▶ **Work item**:
Once you reach the line containing "#12197 = ADVANCED_FACE" in the entries below, write out that line and each one after it down to the line containing "#19877 = CARTESIAN_POINT", exactly and with nothing added.

__________

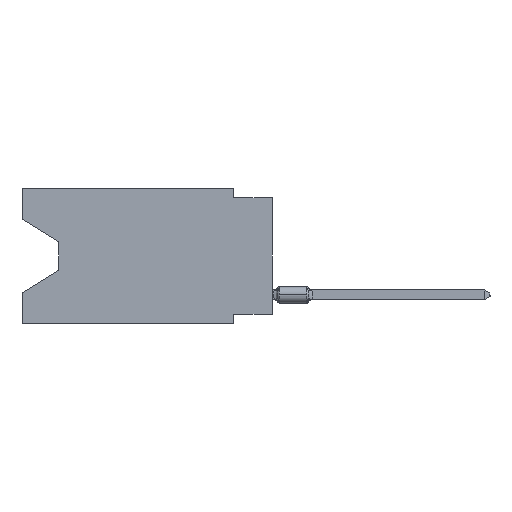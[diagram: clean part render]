
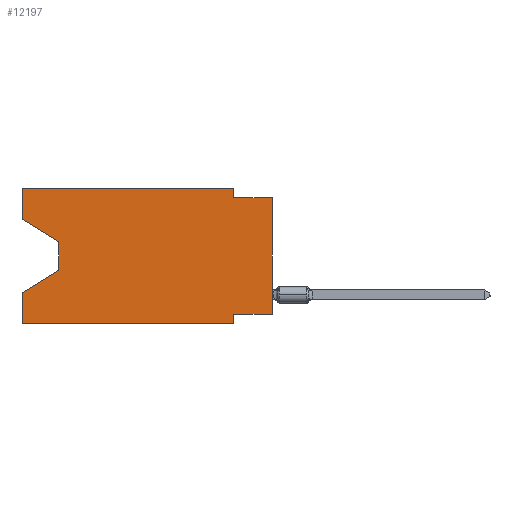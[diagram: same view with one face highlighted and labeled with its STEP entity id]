
A CAD part, left-side view. The second image highlights one B-rep face of the part: STEP entity #12197.
In plain terms, the highlighted planar face has unit normal (-1, 0, 0).
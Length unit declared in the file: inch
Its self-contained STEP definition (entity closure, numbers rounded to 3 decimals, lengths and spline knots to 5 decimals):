
#120 = CARTESIAN_POINT ( 'NONE',  ( 0., 0.645, 0. ) ) ;
#239 = VERTEX_POINT ( 'NONE', #30306 ) ;
#517 = FACE_OUTER_BOUND ( 'NONE', #9209, .T. ) ;
#869 = ORIENTED_EDGE ( 'NONE', *, *, #15282, .T. ) ;
#912 = DIRECTION ( 'NONE',  ( 0., 1., 0. ) ) ;
#1677 = DIRECTION ( 'NONE',  ( 0., 0., -1. ) ) ;
#1765 = VECTOR ( 'NONE', #13354, 39.37008 ) ;
#1964 = CARTESIAN_POINT ( 'NONE',  ( 0., 0.645, -0.08025 ) ) ;
#2589 = ORIENTED_EDGE ( 'NONE', *, *, #3923, .F. ) ;
#2932 = DIRECTION ( 'NONE',  ( 0., 0., 1. ) ) ;
#3113 = DIRECTION ( 'NONE',  ( 1., 0., 0. ) ) ;
#3173 = ORIENTED_EDGE ( 'NONE', *, *, #23445, .T. ) ;
#3202 = CARTESIAN_POINT ( 'NONE',  ( 0., 0.645, 0. ) ) ;
#3367 = LINE ( 'NONE', #14789, #26291 ) ;
#3440 = EDGE_CURVE ( 'NONE', #21007, #14443, #19970, .T. ) ;
#3761 = VECTOR ( 'NONE', #20895, 39.37008 ) ;
#3923 = EDGE_CURVE ( 'NONE', #27472, #8868, #16144, .T. ) ;
#5024 = ORIENTED_EDGE ( 'NONE', *, *, #17953, .T. ) ;
#5385 = CARTESIAN_POINT ( 'NONE',  ( 0., 0.1, -0.35 ) ) ;
#6150 = LINE ( 'NONE', #11535, #6259 ) ;
#6226 = CARTESIAN_POINT ( 'NONE',  ( 0., 0.55, -0.212 ) ) ;
#6236 = VECTOR ( 'NONE', #27005, 39.37008 ) ;
#6259 = VECTOR ( 'NONE', #1677, 39.37008 ) ;
#6413 = DIRECTION ( 'NONE',  ( 0., -1., 0. ) ) ;
#7606 = LINE ( 'NONE', #14845, #24814 ) ;
#8752 = VERTEX_POINT ( 'NONE', #9544 ) ;
#8868 = VERTEX_POINT ( 'NONE', #14634 ) ;
#9046 = DIRECTION ( 'NONE',  ( 0., -0.855, -0.519 ) ) ;
#9209 = EDGE_LOOP ( 'NONE', ( #3173, #12405, #17826, #14183, #869, #27420, #13983, #5024, #28191, #11538, #2589, #18697 ) ) ;
#9544 = CARTESIAN_POINT ( 'NONE',  ( 0., 0.1, -0.325 ) ) ;
#9711 = EDGE_CURVE ( 'NONE', #22845, #14443, #29004, .T. ) ;
#9905 = DIRECTION ( 'NONE',  ( 0., 0., -1. ) ) ;
#10498 = CARTESIAN_POINT ( 'NONE',  ( 0., 0., -0.325 ) ) ;
#10618 = CARTESIAN_POINT ( 'NONE',  ( 0., 0.645, 0. ) ) ;
#11204 = AXIS2_PLACEMENT_3D ( 'NONE', #24268, #3113, #9905 ) ;
#11452 = LINE ( 'NONE', #13619, #3761 ) ;
#11535 = CARTESIAN_POINT ( 'NONE',  ( 0., 0.55, -0.138 ) ) ;
#11538 = ORIENTED_EDGE ( 'NONE', *, *, #17455, .F. ) ;
#12197 = ADVANCED_FACE ( 'NONE', ( #517 ), #17171, .F. ) ;
#12328 = LINE ( 'NONE', #17131, #15081 ) ;
#12405 = ORIENTED_EDGE ( 'NONE', *, *, #18213, .T. ) ;
#13354 = DIRECTION ( 'NONE',  ( 0., 0., -1. ) ) ;
#13619 = CARTESIAN_POINT ( 'NONE',  ( 0., 0., -0.025 ) ) ;
#13983 = ORIENTED_EDGE ( 'NONE', *, *, #27570, .F. ) ;
#14183 = ORIENTED_EDGE ( 'NONE', *, *, #9711, .F. ) ;
#14443 = VERTEX_POINT ( 'NONE', #19877 ) ;
#14579 = VERTEX_POINT ( 'NONE', #26303 ) ;
#14634 = CARTESIAN_POINT ( 'NONE',  ( 0., 0.1, 0. ) ) ;
#14789 = CARTESIAN_POINT ( 'NONE',  ( 0., 0., -0.325 ) ) ;
#14845 = CARTESIAN_POINT ( 'NONE',  ( 0., 0.645, -0.35 ) ) ;
#15081 = VECTOR ( 'NONE', #2932, 39.37008 ) ;
#15213 = EDGE_CURVE ( 'NONE', #8752, #26318, #23974, .T. ) ;
#15282 = EDGE_CURVE ( 'NONE', #22845, #26318, #7606, .T. ) ;
#15330 = DIRECTION ( 'NONE',  ( 0., 0.855, -0.519 ) ) ;
#15989 = LINE ( 'NONE', #25106, #1765 ) ;
#16144 = LINE ( 'NONE', #25564, #18585 ) ;
#16969 = VECTOR ( 'NONE', #30060, 39.37008 ) ;
#17131 = CARTESIAN_POINT ( 'NONE',  ( 0., 0., 0. ) ) ;
#17171 = PLANE ( 'NONE',  #11204 ) ;
#17455 = EDGE_CURVE ( 'NONE', #8868, #25025, #15989, .T. ) ;
#17802 = CARTESIAN_POINT ( 'NONE',  ( 0., 0., -0.025 ) ) ;
#17826 = ORIENTED_EDGE ( 'NONE', *, *, #3440, .T. ) ;
#17953 = EDGE_CURVE ( 'NONE', #20462, #28483, #12328, .T. ) ;
#18213 = EDGE_CURVE ( 'NONE', #14579, #21007, #6150, .T. ) ;
#18585 = VECTOR ( 'NONE', #6413, 39.37008 ) ;
#18697 = ORIENTED_EDGE ( 'NONE', *, *, #26613, .F. ) ;
#19877 = CARTESIAN_POINT ( 'NONE',  ( 0., 0.645, -0.26975 ) ) ;
#19970 = LINE ( 'NONE', #6226, #24946 ) ;
#20462 = VERTEX_POINT ( 'NONE', #10498 ) ;
#20895 = DIRECTION ( 'NONE',  ( 0., -1., 0. ) ) ;
#21007 = VERTEX_POINT ( 'NONE', #22892 ) ;
#21113 = EDGE_CURVE ( 'NONE', #25025, #28483, #11452, .T. ) ;
#22524 = VECTOR ( 'NONE', #9046, 39.37008 ) ;
#22845 = VERTEX_POINT ( 'NONE', #23919 ) ;
#22892 = CARTESIAN_POINT ( 'NONE',  ( 0., 0.55, -0.212 ) ) ;
#23445 = EDGE_CURVE ( 'NONE', #239, #14579, #24945, .T. ) ;
#23919 = CARTESIAN_POINT ( 'NONE',  ( 0., 0.645, -0.35 ) ) ;
#23974 = LINE ( 'NONE', #24422, #26272 ) ;
#24268 = CARTESIAN_POINT ( 'NONE',  ( 0., 0.645, 0. ) ) ;
#24422 = CARTESIAN_POINT ( 'NONE',  ( 0., 0.1, -0.35 ) ) ;
#24814 = VECTOR ( 'NONE', #26592, 39.37008 ) ;
#24945 = LINE ( 'NONE', #1964, #22524 ) ;
#24946 = VECTOR ( 'NONE', #15330, 39.37008 ) ;
#25025 = VERTEX_POINT ( 'NONE', #26488 ) ;
#25106 = CARTESIAN_POINT ( 'NONE',  ( 0., 0.1, 0. ) ) ;
#25429 = LINE ( 'NONE', #120, #16969 ) ;
#25564 = CARTESIAN_POINT ( 'NONE',  ( 0., 0.645, 0. ) ) ;
#26272 = VECTOR ( 'NONE', #28890, 39.37008 ) ;
#26291 = VECTOR ( 'NONE', #912, 39.37008 ) ;
#26303 = CARTESIAN_POINT ( 'NONE',  ( 0., 0.55, -0.138 ) ) ;
#26318 = VERTEX_POINT ( 'NONE', #5385 ) ;
#26488 = CARTESIAN_POINT ( 'NONE',  ( 0., 0.1, -0.025 ) ) ;
#26592 = DIRECTION ( 'NONE',  ( 0., -1., 0. ) ) ;
#26613 = EDGE_CURVE ( 'NONE', #239, #27472, #25429, .T. ) ;
#27005 = DIRECTION ( 'NONE',  ( 0., 0., 1. ) ) ;
#27420 = ORIENTED_EDGE ( 'NONE', *, *, #15213, .F. ) ;
#27472 = VERTEX_POINT ( 'NONE', #3202 ) ;
#27570 = EDGE_CURVE ( 'NONE', #20462, #8752, #3367, .T. ) ;
#28191 = ORIENTED_EDGE ( 'NONE', *, *, #21113, .F. ) ;
#28483 = VERTEX_POINT ( 'NONE', #17802 ) ;
#28890 = DIRECTION ( 'NONE',  ( 0., 0., -1. ) ) ;
#29004 = LINE ( 'NONE', #10618, #6236 ) ;
#30060 = DIRECTION ( 'NONE',  ( 0., 0., 1. ) ) ;
#30306 = CARTESIAN_POINT ( 'NONE',  ( 0., 0.645, -0.08025 ) ) ;

__________

▶ **Response below**:
#12197 = ADVANCED_FACE ( 'NONE', ( #517 ), #17171, .F. ) ;
#12328 = LINE ( 'NONE', #17131, #15081 ) ;
#12405 = ORIENTED_EDGE ( 'NONE', *, *, #18213, .T. ) ;
#13354 = DIRECTION ( 'NONE',  ( 0., 0., -1. ) ) ;
#13619 = CARTESIAN_POINT ( 'NONE',  ( 0., 0., -0.025 ) ) ;
#13983 = ORIENTED_EDGE ( 'NONE', *, *, #27570, .F. ) ;
#14183 = ORIENTED_EDGE ( 'NONE', *, *, #9711, .F. ) ;
#14443 = VERTEX_POINT ( 'NONE', #19877 ) ;
#14579 = VERTEX_POINT ( 'NONE', #26303 ) ;
#14634 = CARTESIAN_POINT ( 'NONE',  ( 0., 0.1, 0. ) ) ;
#14789 = CARTESIAN_POINT ( 'NONE',  ( 0., 0., -0.325 ) ) ;
#14845 = CARTESIAN_POINT ( 'NONE',  ( 0., 0.645, -0.35 ) ) ;
#15081 = VECTOR ( 'NONE', #2932, 39.37008 ) ;
#15213 = EDGE_CURVE ( 'NONE', #8752, #26318, #23974, .T. ) ;
#15282 = EDGE_CURVE ( 'NONE', #22845, #26318, #7606, .T. ) ;
#15330 = DIRECTION ( 'NONE',  ( 0., 0.855, -0.519 ) ) ;
#15989 = LINE ( 'NONE', #25106, #1765 ) ;
#16144 = LINE ( 'NONE', #25564, #18585 ) ;
#16969 = VECTOR ( 'NONE', #30060, 39.37008 ) ;
#17131 = CARTESIAN_POINT ( 'NONE',  ( 0., 0., 0. ) ) ;
#17171 = PLANE ( 'NONE',  #11204 ) ;
#17455 = EDGE_CURVE ( 'NONE', #8868, #25025, #15989, .T. ) ;
#17802 = CARTESIAN_POINT ( 'NONE',  ( 0., 0., -0.025 ) ) ;
#17826 = ORIENTED_EDGE ( 'NONE', *, *, #3440, .T. ) ;
#17953 = EDGE_CURVE ( 'NONE', #20462, #28483, #12328, .T. ) ;
#18213 = EDGE_CURVE ( 'NONE', #14579, #21007, #6150, .T. ) ;
#18585 = VECTOR ( 'NONE', #6413, 39.37008 ) ;
#18697 = ORIENTED_EDGE ( 'NONE', *, *, #26613, .F. ) ;
#19877 = CARTESIAN_POINT ( 'NONE',  ( 0., 0.645, -0.26975 ) ) ;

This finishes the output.